Well here's one for preventive maintenance i ride a full suspension mountain bike and i ride it hard. It goes in 2x year for inspection and maintenance. This trip shop discovered a crack in the rear swingarm turns out this is a known problem and dealers were supplied tools to find the cracks before they were visible to naked eye. Dealer is replacing part bike is 10 years old but regular PREVENTATIVE maintenance keeps it safe and yes it costs MONEY for those inspections. But i would have not found the failure if i did not practice what i preach
A lot of it is just keeping things in good working order. I saw this with my daughter, years back. She bought a car and something went wrong with it and rather than fix it she let it go. Then something else went wrong. Then another thing. You get the idea. Eventually the car wouldn't run and, because there was
so much wrong with it it wasn't worth fixing. She got a bunch of relatives to bail her out (I stayed out of it - keep up with your stuff was my thought) and they spent more fixing everything than the car was worth, which made no sense.

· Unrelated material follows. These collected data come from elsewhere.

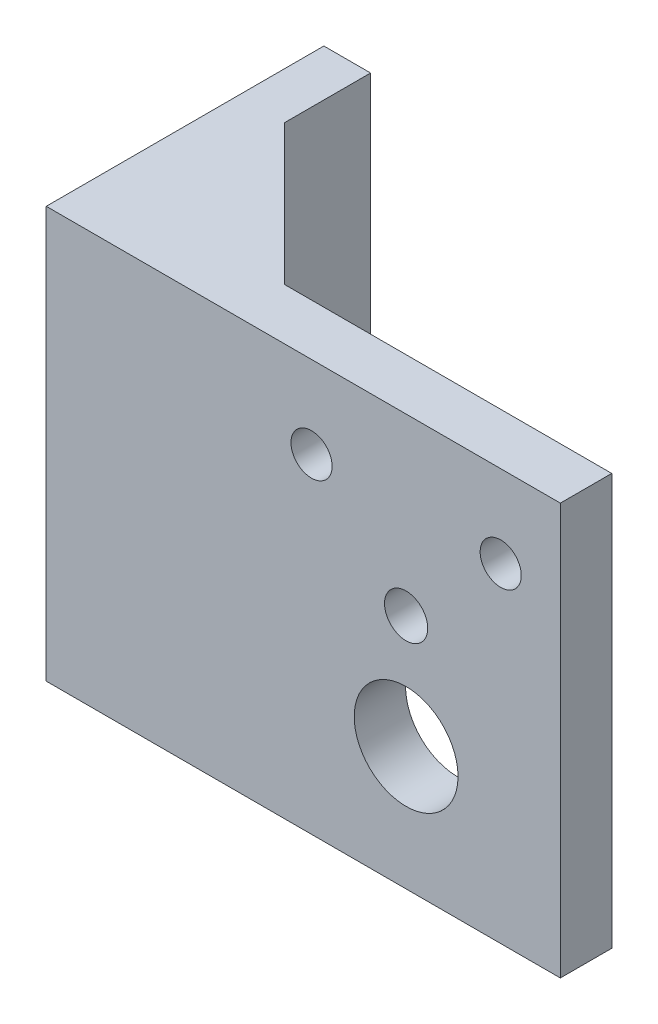
from build123d import *

# Parameters (mm, degrees)
BOSS_EXTRUDE1_DEPTH = 40
CUT_EXTRUDE1_DEPTH  = 35
BOSS_EXTRUDE2_DEPTH = 5
SKETCH6_R           = 2
CUT_EXTRUDE2_DEPTH  = 70.936511941
SKETCH7_R           = 3.1
SKETCH7_R_2         = 2.1
SKETCH7_R_3         = 2
CUT_EXTRUDE4_DEPTH  = 71.710678119
SKETCH8_R           = 5.05
CUT_EXTRUDE5_DEPTH  = 73.972597597
SKETCH10_W          = 8
SKETCH10_H          = 40
CUT_EXTRUDE8_DEPTH  = 70.936511941


with BuildPart() as part:
    # Sketch1 → Boss-Extrude1 (new body)
    with BuildSketch(Plane(origin=(0, 0, 0), x_dir=(1, 0, 0), z_dir=(0, 1, 0))):
        Polygon((0, 0), (50, 0), (50, 5), (18.181818182, 5), (4.545454545, 18.636363636), (4.545454545, 35), (0, 35), align=None)
    extrude(amount=BOSS_EXTRUDE1_DEPTH)

    # Sketch3 → Cut-Extrude1 (cut)
    with BuildSketch(Plane.XZ):
        Polygon((4.545454545, -18.636363636), (4.545454545, -5), (18.181818182, -5), align=None)
    extrude(amount=-CUT_EXTRUDE1_DEPTH, mode=Mode.SUBTRACT)

    # Sketch5 → Boss-Extrude2 (add)
    with BuildSketch(Plane.XZ):
        Polygon((4.545454545, -20), (4.545454545, -5), (20, -5), align=None)
    extrude(amount=-BOSS_EXTRUDE2_DEPTH)

    # Sketch6 → Cut-Extrude2 (cut, through all)
    with BuildSketch(Plane(origin=(4.545454545, 0, 0), x_dir=(0, 0, -1), z_dir=(1, 0, 0))):
        with Locations((13, 30)):
            Circle(SKETCH6_R)
        with Locations((13, 10)):
            Circle(SKETCH6_R)
        with Locations((21, 20)):
            Circle(SKETCH6_R)
    extrude(amount=-CUT_EXTRUDE2_DEPTH, mode=Mode.SUBTRACT)

    # Sketch7 → Cut-Extrude4 (cut, through all)
    with BuildSketch(Plane(origin=(0, 0, -5), x_dir=(-1, 0, 0), z_dir=(0, 0, -1))):
        with Locations((-35, 12)):
            Circle(SKETCH7_R)
        with Locations((-35, 23)):
            Circle(SKETCH7_R_2)
        with Locations((-25.8, 32)):
            Circle(SKETCH7_R_3)
        with Locations((-44.2, 32)):
            Circle(SKETCH7_R_3)
    extrude(amount=-CUT_EXTRUDE4_DEPTH, mode=Mode.SUBTRACT)

    # Sketch8 → Cut-Extrude5 (cut, through all)
    with BuildSketch(Plane.XY):
        with Locations((35, 12)):
            Circle(SKETCH8_R)
    extrude(amount=-CUT_EXTRUDE5_DEPTH, mode=Mode.SUBTRACT)

    # Sketch10 → Cut-Extrude8 (cut, through all)
    with BuildSketch(Plane(origin=(4.545454545, 0, 0), x_dir=(0, 0, -1), z_dir=(1, 0, 0))):
        with Locations((31, 20)):
            Rectangle(SKETCH10_W, SKETCH10_H)
    extrude(amount=-CUT_EXTRUDE8_DEPTH, mode=Mode.SUBTRACT)


solid = part.part
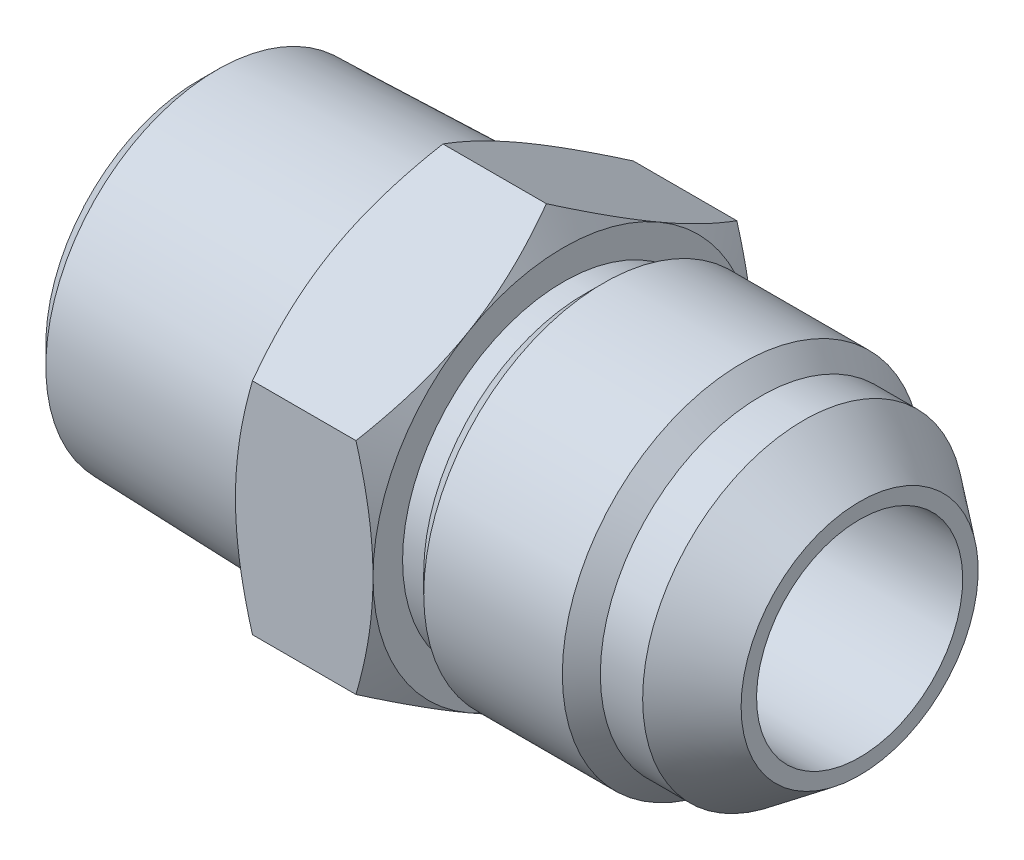
from build123d import *

# Parameters (mm, degrees)
SKETCH6_W           = 49.6062
SKETCH6_H           = 13.49375
EXTRUDE1_DEPTH      = 10.31875
SKETCH7_W           = 49.6062
SKETCH7_H           = 7.7343
SKETCH17_R          = 13.49375
CUT_EXTRUDE1_DEPTH  = 17.06245
SKETCH19_R          = 13.335
BOSS_EXTRUDE1_DEPTH = 17.06245
BOSS_EXTRUDE1_DRAFT = -1.75
CHAMFER1_SIZE       = 1.360714286
CHAMFER1_SIZE2      = 1.404253042
SKETCH22_R          = 13.335
BOSS_EXTRUDE3_DEPTH = 17.06245
BOSS_EXTRUDE3_DRAFT = -15
SKETCH23_R          = 10.690980718
CUT_EXTRUDE2_DEPTH  = 17.06245


with BuildPart() as part:
    # Sketch6 → Revolve3 (revolve)
    with BuildSketch(Plane.XY, mode=Mode.PRIVATE) as revolve3_sk:
        with Locations((0, 6.746875)):
            Rectangle(SKETCH6_W, SKETCH6_H)
    revolve(revolve3_sk.sketch.rotate(Axis((-24.8031, 0, 0), (1, 0, 0)), 90), axis=Axis((-24.8031, 0, 0), (1, 0, 0)))

    # Sketch12 → Extrude1 (add)
    with BuildSketch(Plane(origin=(-7.74065, 0, 0), x_dir=(0, 0, -1), z_dir=(1, 0, 0))):
        Polygon((0, 16.497783942), (-14.2875, 8.248891971), (-14.2875, -8.248891971), (0, -16.497783942), (14.2875, -8.248891971), (14.2875, 8.248891971), align=None)
    extrude(amount=EXTRUDE1_DEPTH)

    # Sketch10 → Cut-Revolve6 (revolve, cut)
    with BuildSketch(Plane.XY, mode=Mode.PRIVATE) as cut_revolve6_sk:
        Polygon((5.591215329, 13.49375), (2.5781, 13.49375), (2.5781, 12.068134671), (4.1656, 12.068134671), align=None)
        Polygon((24.8031, 13.49375), (15.990856228, 13.49375), (17.416471556, 12.068134671), (20.591471556, 12.068134671), (24.8031, 8.894445), align=None)
    revolve(cut_revolve6_sk.sketch.rotate(Axis((-24.8031, 0, 0), (1, 0, 0)), 90), axis=Axis((-24.8031, 0, 0), (1, 0, 0)), mode=Mode.SUBTRACT)

    # Sketch7 → Cut-Revolve5 (revolve, cut)
    with BuildSketch(Plane.XY):
        with Locations((0, 3.86715)):
            Rectangle(SKETCH7_W, SKETCH7_H)
    revolve(axis=Axis((24.8031, 0, 0), (-1, 0, 0)), mode=Mode.SUBTRACT)

    # Sketch13 → Cut-Revolve7 (revolve, cut)
    with BuildSketch(Plane.XY):
        Polygon((-7.74065, 16.497783942), (-7.74065, 14.2875), (-6.464541971, 16.497783942), align=None)
        Polygon((1.301991971, 16.497783942), (2.5781, 14.2875), (2.5781, 16.497783942), align=None)
    revolve(axis=Axis((-24.8031, 0, 0), (1, 0, 0)), mode=Mode.SUBTRACT)

    # Sketch17 → Cut-Extrude1 (cut)
    with BuildSketch(Plane.ZY.offset(24.8031)):
        Circle(SKETCH17_R)
    extrude(amount=-CUT_EXTRUDE1_DEPTH, mode=Mode.SUBTRACT)


with BuildPart() as body_2:
    # Sketch19 → Boss-Extrude1 (with draft: the straight prism first)
    with BuildSketch(Plane(origin=(-7.74065, 0, 0), x_dir=(0, 0, -1), z_dir=(1, 0, 0))):
        Circle(SKETCH19_R)
    extrude(amount=-BOSS_EXTRUDE1_DEPTH)
    # Boss-Extrude1: the draft: its side faces are tilted about the plane it starts from
    boss_extrude1_sides = [body_2.faces().sort_by_distance(p)[0] for p in [
        (-16.271875, 0, 13.335),
    ]]
    draft(boss_extrude1_sides, Plane(origin=(-7.74065, 0, 0), x_dir=(0, 0, -1), z_dir=(1, 0, 0)), BOSS_EXTRUDE1_DRAFT)

    # Chamfer1
    chamfer1_edges = [body_2.edges().sort_by_distance(p)[0] for p in [
        (-24.8031, 0, 12.813695004),
    ]]
    chamfer1_side = [body_2.faces().sort_by_distance(p)[0] for p in [
        (-24.8031, 0, 0),
    ]]
    chamfer(chamfer1_edges, length=CHAMFER1_SIZE, length2=CHAMFER1_SIZE2, reference=chamfer1_side[0])


with BuildPart() as boss_extrude3_tool:
    # Sketch22 → Boss-Extrude3 (with draft: the straight prism first)
    with BuildSketch(Plane(origin=(-7.74065, 0, 0), x_dir=(0, 0, -1), z_dir=(1, 0, 0))):
        Circle(SKETCH22_R)
    extrude(amount=-BOSS_EXTRUDE3_DEPTH)
    # Boss-Extrude3: the draft: its side faces are tilted about the plane it starts from
    boss_extrude3_sides = [boss_extrude3_tool.faces().sort_by_distance(p)[0] for p in [
        (-16.271875, 0, 13.335),
    ]]
    draft(boss_extrude3_sides, Plane(origin=(-7.74065, 0, 0), x_dir=(0, 0, -1), z_dir=(1, 0, 0)), BOSS_EXTRUDE3_DRAFT)


with BuildPart() as body_2_1:
    add(body_2.part)

    # Boss-Extrude3: add boss_extrude3_tool
    add(boss_extrude3_tool.part)

    # Combine1: union part
    add(part.part)

    # Sketch23 → Cut-Extrude2 (cut)
    with BuildSketch(Plane.ZY.offset(24.8031)):
        Circle(SKETCH23_R)
    extrude(amount=-CUT_EXTRUDE2_DEPTH, mode=Mode.SUBTRACT)


solid = body_2_1.part
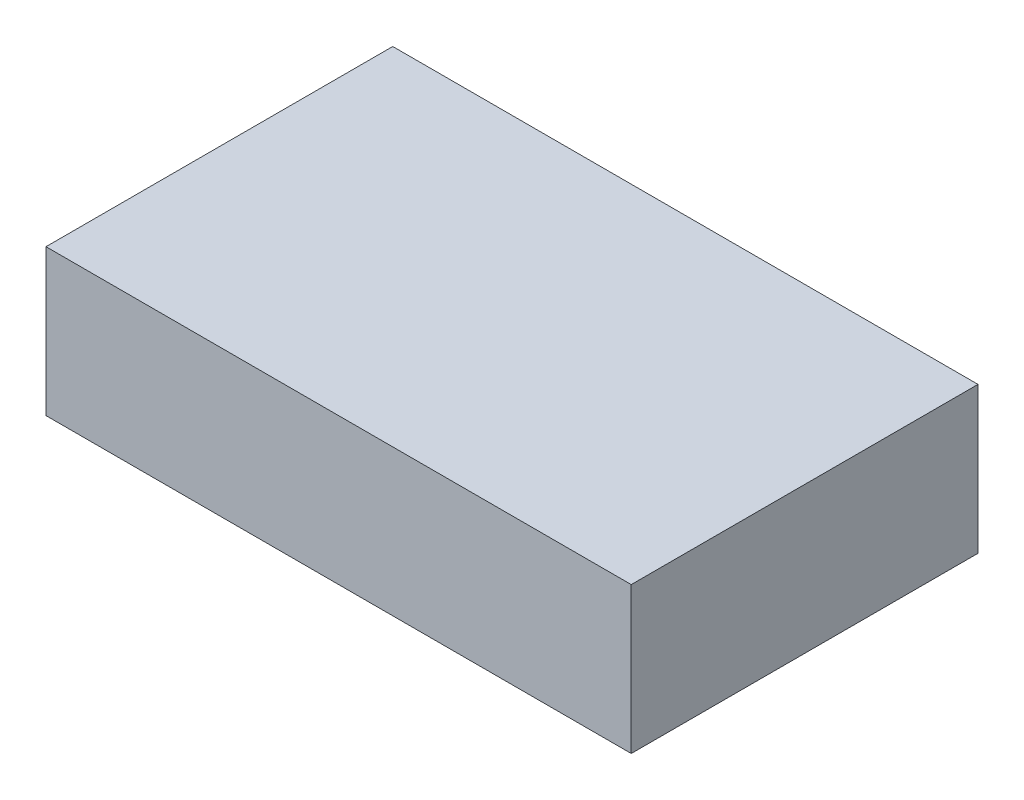
from build123d import *

# Parameters (mm, degrees)
SKETCH1_W           = 40
SKETCH1_H           = 23.7
BOSS_EXTRUDE1_DEPTH = 10


with BuildPart() as part:
    # Sketch1 → Boss-Extrude1 (new body)
    with BuildSketch(Plane(origin=(0, 0, 0), x_dir=(1, 0, 0), z_dir=(0, 1, 0))):
        with Locations((20, 11.85)):
            Rectangle(SKETCH1_W, SKETCH1_H)
    extrude(amount=BOSS_EXTRUDE1_DEPTH)


solid = part.part

It's an interesting situation, though. My car is paid off and when things break I just fix them. I don't let it go. I don't want to be in that situation where I'm thinking, "Huh.. there are 10 things wrong with it and to fix them all would cost more than it's worth.. May as well buy another car.." At the same time, by doing this, the car ends up being worth more to me than anyone else. It's nearly free transportation (I have to fix things, maintenance, etc. - cheaper than a car payment, though). If someone were to run into me and total my car what I would get for my car would be less than what it's worth to me (they'd look at the mileage, model, make, year, and quote me some price and give me that money and I'd have a hard time finding such a well-maintained car for the price).
So, it sort of works both ways. You could argue that it makes no sense to keep my car in good working order because, if I flipped it tomorrow, I'd be back and nearly square one.
However, it provides reliable transportation and that wreck hopefully won't happen. In addition, I enjoy the car. The A/C is great (replaced parts of it last year), it runs well, no leaks. It's a great car (coming up on 9 years).
My daughter's car, though, was a piece of junk because she didn't take care of it. You didn't need a wreck to total it as she did that all on her own (the cost to fix it was more than the value of the car).
As such, you can see how this would play into theme park rides or other equipment. If you try to cut corners on something and do it long enough eventually you get to the point where it's
really hard to justify fixing it vs a well-maintained whatever just needing a tweak or a new part from time to time (you've already absorbed the on-going maintenance costs so fixing an odd thing isn't a big deal).